Simultaneous Eigenstates

Overview

• Aim to find functions that are eigenstates of the operators L and L squared.
• This leads to simplification of the Schrödinger equation to a radial equation.
• The Schrödinger equation includes variables r, theta, and phi; theta and phi deal with angular dependence.

Simultaneous Eigenstates of L and Lz

• Define eigenstates as ( \psi_{lm}(\theta, \phi) ).
• Eigenstates are characterized by quantum numbers l and m, which are related to the eigenvalues.
• Condition: ( L_z \psi_{lm} = m \hbar \psi_{lm} ).
• ( m ) must be in the real numbers due to the properties of Hermitian operators.
• Condition from L squared: ( L^2 \psi_{lm} = \lambda \psi_{lm} ), where ( \lambda ) is positive.

Eigenvalue Expressions

• Write ( \lambda = l(l + 1) \hbar^2 ).
• ( l ) is a real number.
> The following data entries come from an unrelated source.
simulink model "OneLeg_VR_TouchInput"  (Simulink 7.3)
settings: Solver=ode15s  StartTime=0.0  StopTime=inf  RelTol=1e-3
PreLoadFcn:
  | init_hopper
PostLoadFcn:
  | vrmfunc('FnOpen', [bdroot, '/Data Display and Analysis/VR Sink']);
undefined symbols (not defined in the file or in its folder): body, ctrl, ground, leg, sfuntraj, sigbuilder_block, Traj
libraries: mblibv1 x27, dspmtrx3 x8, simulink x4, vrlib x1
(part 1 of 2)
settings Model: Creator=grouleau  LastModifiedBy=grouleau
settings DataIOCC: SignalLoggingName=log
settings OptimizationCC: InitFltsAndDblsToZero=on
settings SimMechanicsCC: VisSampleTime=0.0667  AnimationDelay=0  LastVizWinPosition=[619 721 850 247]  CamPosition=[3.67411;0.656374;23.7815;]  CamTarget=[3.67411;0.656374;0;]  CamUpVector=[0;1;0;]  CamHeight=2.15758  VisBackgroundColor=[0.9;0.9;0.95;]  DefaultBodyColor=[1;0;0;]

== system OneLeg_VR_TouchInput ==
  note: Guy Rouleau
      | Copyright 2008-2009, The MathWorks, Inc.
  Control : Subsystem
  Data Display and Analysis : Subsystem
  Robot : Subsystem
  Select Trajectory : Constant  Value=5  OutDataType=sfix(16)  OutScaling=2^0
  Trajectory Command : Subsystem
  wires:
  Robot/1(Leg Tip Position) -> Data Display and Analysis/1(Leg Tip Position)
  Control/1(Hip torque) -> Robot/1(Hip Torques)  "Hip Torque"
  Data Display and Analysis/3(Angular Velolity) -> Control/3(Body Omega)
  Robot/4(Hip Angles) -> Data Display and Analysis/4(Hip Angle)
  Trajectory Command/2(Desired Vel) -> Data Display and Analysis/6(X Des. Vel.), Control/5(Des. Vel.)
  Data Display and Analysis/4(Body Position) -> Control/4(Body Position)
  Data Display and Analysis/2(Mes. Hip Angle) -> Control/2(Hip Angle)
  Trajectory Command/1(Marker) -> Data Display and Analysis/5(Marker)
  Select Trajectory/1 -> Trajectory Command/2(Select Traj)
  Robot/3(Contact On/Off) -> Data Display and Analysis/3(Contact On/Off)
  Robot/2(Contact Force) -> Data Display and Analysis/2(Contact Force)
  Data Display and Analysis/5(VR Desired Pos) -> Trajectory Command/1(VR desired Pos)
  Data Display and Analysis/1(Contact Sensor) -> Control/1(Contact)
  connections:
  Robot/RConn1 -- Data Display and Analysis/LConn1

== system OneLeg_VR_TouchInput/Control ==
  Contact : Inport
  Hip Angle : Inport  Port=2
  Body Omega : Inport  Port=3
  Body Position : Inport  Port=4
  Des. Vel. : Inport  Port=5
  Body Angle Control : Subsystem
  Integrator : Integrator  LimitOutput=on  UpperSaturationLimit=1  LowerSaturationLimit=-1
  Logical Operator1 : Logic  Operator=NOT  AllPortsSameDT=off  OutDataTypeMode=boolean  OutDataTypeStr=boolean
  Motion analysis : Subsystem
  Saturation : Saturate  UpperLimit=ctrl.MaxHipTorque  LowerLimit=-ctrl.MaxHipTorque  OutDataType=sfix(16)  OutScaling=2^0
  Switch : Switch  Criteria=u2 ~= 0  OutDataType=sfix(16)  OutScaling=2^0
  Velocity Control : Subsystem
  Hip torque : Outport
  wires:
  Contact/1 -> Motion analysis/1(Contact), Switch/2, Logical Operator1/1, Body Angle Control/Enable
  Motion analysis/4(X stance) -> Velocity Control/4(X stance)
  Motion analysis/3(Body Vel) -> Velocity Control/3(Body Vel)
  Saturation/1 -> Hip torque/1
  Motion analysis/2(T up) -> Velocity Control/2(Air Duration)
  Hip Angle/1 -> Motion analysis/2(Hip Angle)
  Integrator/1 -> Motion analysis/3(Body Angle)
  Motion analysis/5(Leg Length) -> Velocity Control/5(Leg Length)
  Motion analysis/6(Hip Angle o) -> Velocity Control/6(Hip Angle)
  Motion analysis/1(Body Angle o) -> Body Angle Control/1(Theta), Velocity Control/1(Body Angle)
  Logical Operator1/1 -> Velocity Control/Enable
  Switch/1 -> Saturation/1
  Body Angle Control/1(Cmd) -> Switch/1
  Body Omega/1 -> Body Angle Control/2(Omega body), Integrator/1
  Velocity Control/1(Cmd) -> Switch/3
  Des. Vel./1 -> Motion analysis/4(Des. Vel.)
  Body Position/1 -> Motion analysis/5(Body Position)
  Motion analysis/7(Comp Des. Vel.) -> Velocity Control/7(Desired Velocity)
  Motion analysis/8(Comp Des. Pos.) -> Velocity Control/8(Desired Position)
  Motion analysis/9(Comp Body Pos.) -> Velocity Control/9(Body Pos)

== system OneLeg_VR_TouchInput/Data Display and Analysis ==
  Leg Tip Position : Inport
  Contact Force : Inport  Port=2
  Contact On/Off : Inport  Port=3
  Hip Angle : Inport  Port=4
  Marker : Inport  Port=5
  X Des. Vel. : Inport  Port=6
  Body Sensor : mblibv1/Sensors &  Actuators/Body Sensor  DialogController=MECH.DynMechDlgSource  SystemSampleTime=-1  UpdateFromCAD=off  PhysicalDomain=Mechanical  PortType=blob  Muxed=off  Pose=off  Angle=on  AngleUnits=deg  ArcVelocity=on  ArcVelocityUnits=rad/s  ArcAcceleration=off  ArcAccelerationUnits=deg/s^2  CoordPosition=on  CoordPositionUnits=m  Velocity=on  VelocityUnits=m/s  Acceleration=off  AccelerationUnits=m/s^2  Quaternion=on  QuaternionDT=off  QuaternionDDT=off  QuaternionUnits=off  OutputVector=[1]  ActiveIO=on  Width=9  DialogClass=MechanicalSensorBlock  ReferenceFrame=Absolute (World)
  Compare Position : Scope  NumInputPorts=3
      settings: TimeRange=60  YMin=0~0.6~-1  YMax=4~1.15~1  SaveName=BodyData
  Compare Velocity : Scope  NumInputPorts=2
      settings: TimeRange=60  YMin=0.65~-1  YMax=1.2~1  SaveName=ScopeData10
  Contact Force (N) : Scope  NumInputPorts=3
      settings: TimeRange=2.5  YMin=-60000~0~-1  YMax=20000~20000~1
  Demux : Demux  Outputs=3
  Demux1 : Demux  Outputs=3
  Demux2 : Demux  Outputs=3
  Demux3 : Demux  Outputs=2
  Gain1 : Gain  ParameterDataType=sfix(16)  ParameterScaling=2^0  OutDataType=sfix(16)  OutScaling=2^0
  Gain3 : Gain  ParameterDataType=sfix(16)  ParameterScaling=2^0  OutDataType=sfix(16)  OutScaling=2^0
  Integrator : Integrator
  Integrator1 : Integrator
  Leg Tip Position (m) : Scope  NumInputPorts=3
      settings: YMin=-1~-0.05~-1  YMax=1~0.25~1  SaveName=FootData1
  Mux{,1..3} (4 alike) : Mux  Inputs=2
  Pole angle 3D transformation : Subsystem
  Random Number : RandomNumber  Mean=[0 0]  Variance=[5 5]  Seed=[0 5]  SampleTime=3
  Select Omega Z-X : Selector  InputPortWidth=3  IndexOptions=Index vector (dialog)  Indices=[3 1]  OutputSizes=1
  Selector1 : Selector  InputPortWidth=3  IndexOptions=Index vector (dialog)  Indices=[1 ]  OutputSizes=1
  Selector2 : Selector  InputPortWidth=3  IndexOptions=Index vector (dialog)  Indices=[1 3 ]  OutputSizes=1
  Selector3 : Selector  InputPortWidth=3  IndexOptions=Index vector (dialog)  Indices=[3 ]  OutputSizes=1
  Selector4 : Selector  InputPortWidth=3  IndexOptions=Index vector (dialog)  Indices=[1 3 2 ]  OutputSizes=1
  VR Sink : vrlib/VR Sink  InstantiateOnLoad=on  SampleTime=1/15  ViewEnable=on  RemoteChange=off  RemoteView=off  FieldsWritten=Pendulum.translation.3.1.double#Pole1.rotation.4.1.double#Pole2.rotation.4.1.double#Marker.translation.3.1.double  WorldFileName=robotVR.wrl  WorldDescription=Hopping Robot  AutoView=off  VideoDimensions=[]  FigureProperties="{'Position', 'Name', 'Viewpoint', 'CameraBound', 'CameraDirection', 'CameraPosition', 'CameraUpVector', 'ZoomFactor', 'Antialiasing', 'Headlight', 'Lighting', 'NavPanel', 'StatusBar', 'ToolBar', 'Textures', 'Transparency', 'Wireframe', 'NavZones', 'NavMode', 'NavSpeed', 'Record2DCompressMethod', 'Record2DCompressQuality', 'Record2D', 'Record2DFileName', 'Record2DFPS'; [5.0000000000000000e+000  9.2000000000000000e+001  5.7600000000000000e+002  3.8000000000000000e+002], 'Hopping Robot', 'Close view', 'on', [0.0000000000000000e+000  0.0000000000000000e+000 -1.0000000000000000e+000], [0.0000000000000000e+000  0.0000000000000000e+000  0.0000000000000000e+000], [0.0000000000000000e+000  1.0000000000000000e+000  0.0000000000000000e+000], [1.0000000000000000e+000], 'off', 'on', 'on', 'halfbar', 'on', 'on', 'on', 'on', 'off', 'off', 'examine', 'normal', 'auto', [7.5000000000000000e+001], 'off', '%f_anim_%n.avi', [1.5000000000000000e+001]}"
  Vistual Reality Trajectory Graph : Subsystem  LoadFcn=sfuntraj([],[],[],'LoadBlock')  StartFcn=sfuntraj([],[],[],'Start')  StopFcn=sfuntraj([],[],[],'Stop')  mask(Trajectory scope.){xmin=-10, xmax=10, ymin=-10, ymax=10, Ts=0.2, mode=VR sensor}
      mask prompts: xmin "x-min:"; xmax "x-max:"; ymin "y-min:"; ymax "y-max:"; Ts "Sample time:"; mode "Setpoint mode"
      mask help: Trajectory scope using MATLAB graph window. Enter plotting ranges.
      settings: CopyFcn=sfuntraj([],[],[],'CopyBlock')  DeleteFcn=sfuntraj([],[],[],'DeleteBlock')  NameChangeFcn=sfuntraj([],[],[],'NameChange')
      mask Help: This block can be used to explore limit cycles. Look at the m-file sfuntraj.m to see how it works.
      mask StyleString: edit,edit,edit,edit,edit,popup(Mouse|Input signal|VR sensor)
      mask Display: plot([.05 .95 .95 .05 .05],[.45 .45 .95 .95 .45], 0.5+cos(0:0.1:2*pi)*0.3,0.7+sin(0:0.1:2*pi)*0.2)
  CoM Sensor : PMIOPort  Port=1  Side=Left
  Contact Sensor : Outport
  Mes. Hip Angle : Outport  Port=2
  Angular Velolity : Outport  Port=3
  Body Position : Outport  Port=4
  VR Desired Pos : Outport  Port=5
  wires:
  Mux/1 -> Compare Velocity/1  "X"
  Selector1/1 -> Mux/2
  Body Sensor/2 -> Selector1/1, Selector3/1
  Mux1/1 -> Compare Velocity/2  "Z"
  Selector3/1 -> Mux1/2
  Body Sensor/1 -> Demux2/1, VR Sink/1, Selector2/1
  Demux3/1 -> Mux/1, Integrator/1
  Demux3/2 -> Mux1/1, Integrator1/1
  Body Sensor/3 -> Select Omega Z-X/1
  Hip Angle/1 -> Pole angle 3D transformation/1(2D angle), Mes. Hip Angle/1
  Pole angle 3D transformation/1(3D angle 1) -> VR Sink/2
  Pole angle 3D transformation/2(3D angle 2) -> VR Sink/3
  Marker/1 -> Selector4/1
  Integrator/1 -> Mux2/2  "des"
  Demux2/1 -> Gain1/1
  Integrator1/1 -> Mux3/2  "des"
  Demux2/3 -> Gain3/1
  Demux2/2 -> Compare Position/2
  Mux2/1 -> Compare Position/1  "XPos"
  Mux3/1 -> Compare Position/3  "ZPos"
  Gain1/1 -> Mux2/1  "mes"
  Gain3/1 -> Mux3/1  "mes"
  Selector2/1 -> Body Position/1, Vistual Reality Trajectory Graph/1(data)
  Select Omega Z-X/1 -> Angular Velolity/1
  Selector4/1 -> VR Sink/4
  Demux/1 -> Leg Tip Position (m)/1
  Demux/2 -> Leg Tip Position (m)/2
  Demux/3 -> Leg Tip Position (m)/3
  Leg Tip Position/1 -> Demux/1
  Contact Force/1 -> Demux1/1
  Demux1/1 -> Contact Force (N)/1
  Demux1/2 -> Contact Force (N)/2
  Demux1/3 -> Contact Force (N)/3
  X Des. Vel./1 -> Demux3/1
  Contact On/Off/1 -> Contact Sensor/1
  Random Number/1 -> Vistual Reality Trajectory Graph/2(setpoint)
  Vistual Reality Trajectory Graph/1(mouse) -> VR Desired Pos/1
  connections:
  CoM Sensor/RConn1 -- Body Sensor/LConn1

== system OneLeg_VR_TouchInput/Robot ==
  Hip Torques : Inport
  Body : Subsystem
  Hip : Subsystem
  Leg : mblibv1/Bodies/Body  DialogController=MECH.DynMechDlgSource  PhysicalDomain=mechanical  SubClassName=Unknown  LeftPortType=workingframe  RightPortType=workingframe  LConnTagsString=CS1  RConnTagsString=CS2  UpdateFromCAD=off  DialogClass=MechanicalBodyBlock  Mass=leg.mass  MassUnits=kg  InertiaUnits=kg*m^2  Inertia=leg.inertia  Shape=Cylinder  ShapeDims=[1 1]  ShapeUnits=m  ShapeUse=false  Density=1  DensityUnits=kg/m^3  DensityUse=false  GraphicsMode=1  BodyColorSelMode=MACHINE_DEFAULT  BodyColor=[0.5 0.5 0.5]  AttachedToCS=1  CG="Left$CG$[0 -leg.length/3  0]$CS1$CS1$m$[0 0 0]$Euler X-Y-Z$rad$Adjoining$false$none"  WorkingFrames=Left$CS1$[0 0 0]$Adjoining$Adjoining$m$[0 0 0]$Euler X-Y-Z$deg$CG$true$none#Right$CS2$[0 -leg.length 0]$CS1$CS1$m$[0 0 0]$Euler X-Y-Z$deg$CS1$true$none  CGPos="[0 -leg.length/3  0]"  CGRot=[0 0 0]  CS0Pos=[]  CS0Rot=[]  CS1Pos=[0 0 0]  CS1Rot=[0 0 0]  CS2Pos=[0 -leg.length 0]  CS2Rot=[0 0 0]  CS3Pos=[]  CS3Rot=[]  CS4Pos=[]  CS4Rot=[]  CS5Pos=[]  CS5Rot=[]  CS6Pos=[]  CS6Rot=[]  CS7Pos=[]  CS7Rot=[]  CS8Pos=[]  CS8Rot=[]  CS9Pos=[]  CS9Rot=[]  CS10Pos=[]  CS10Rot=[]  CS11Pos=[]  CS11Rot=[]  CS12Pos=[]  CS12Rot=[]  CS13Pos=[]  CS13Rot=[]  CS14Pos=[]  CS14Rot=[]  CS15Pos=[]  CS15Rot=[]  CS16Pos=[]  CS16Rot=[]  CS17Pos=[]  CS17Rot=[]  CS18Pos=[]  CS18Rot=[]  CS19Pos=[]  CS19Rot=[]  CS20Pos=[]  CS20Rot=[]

The eigenvalue form ensures positivity of ( \lambda ).
• Eigenvalues of Lz must be quantized, resulting in ( m ) being an integer.

First Equation: Finding Eigenstates

• Begin with: [ \frac{\hbar}{i} \frac{d}{d\phi} \psi_{lm} = \hbar m \psi_{lm} ]
• Result leads to ( \psi_{lm}(\theta, \phi) = e^{i m \phi} f(\theta) ).
• Requirement for periodicity implies ( m \in \mathbb{Z} ) (integers).

Second Equation: Complicated Differential Operator

• The equation is: [ -\hbar^2 \left( \frac{1}{\sin \theta} \frac{d}{d\theta} \sin \theta \frac{d}{d\theta} + \frac{1}{\sin^2 \theta} \frac{d^2}{d\phi^2} \right) \psi_{lm} = \hbar^2 l(l+1) \psi_{lm} ]
• Substitute the known ( \psi_{lm} ) form to reduce the equation to: [ \sin \theta \frac{d^2}{d\theta^2} \psi_{lm} + (l(l + 1) \sin^2 \theta - m^2) \psi_{lm} = 0 ]

Changing Variables

• Substitute ( x = \cos \theta ) to simplify the equation.
• The resulting differential equation involves only ( x ).

Recursive Relations

• Analyze the case when m = 0: [ (1 - x^2) \frac{dP_{L}}{dx} + l(l + 1) P_{L} = 0 ]
• Use series solutions for ( P_L(x) = \sum_{k} a_k x^k ).
• Obtain a recursion relation leading to termination conditions for series, indicating that ( l ) must be a non-negative integer (0, 1, 2, ...).

Conclusion

• Eigenvalues of ( L^2 ) are quantized, corresponding to the magnitude of angular momentum.
• Solutions are related to Legendre polynomials, indicating that the physical constraints of the problem enforce quantization.
• Further exploration will ensure that ( m ) cannot exceed ( l ).

Key Takeaways

• The study of simultaneous eigenstates leads to quantization in quantum mechanics.
• Eigenstates are essential for simplifying the Schrödinger equation and understanding angular momentum in quantum systems.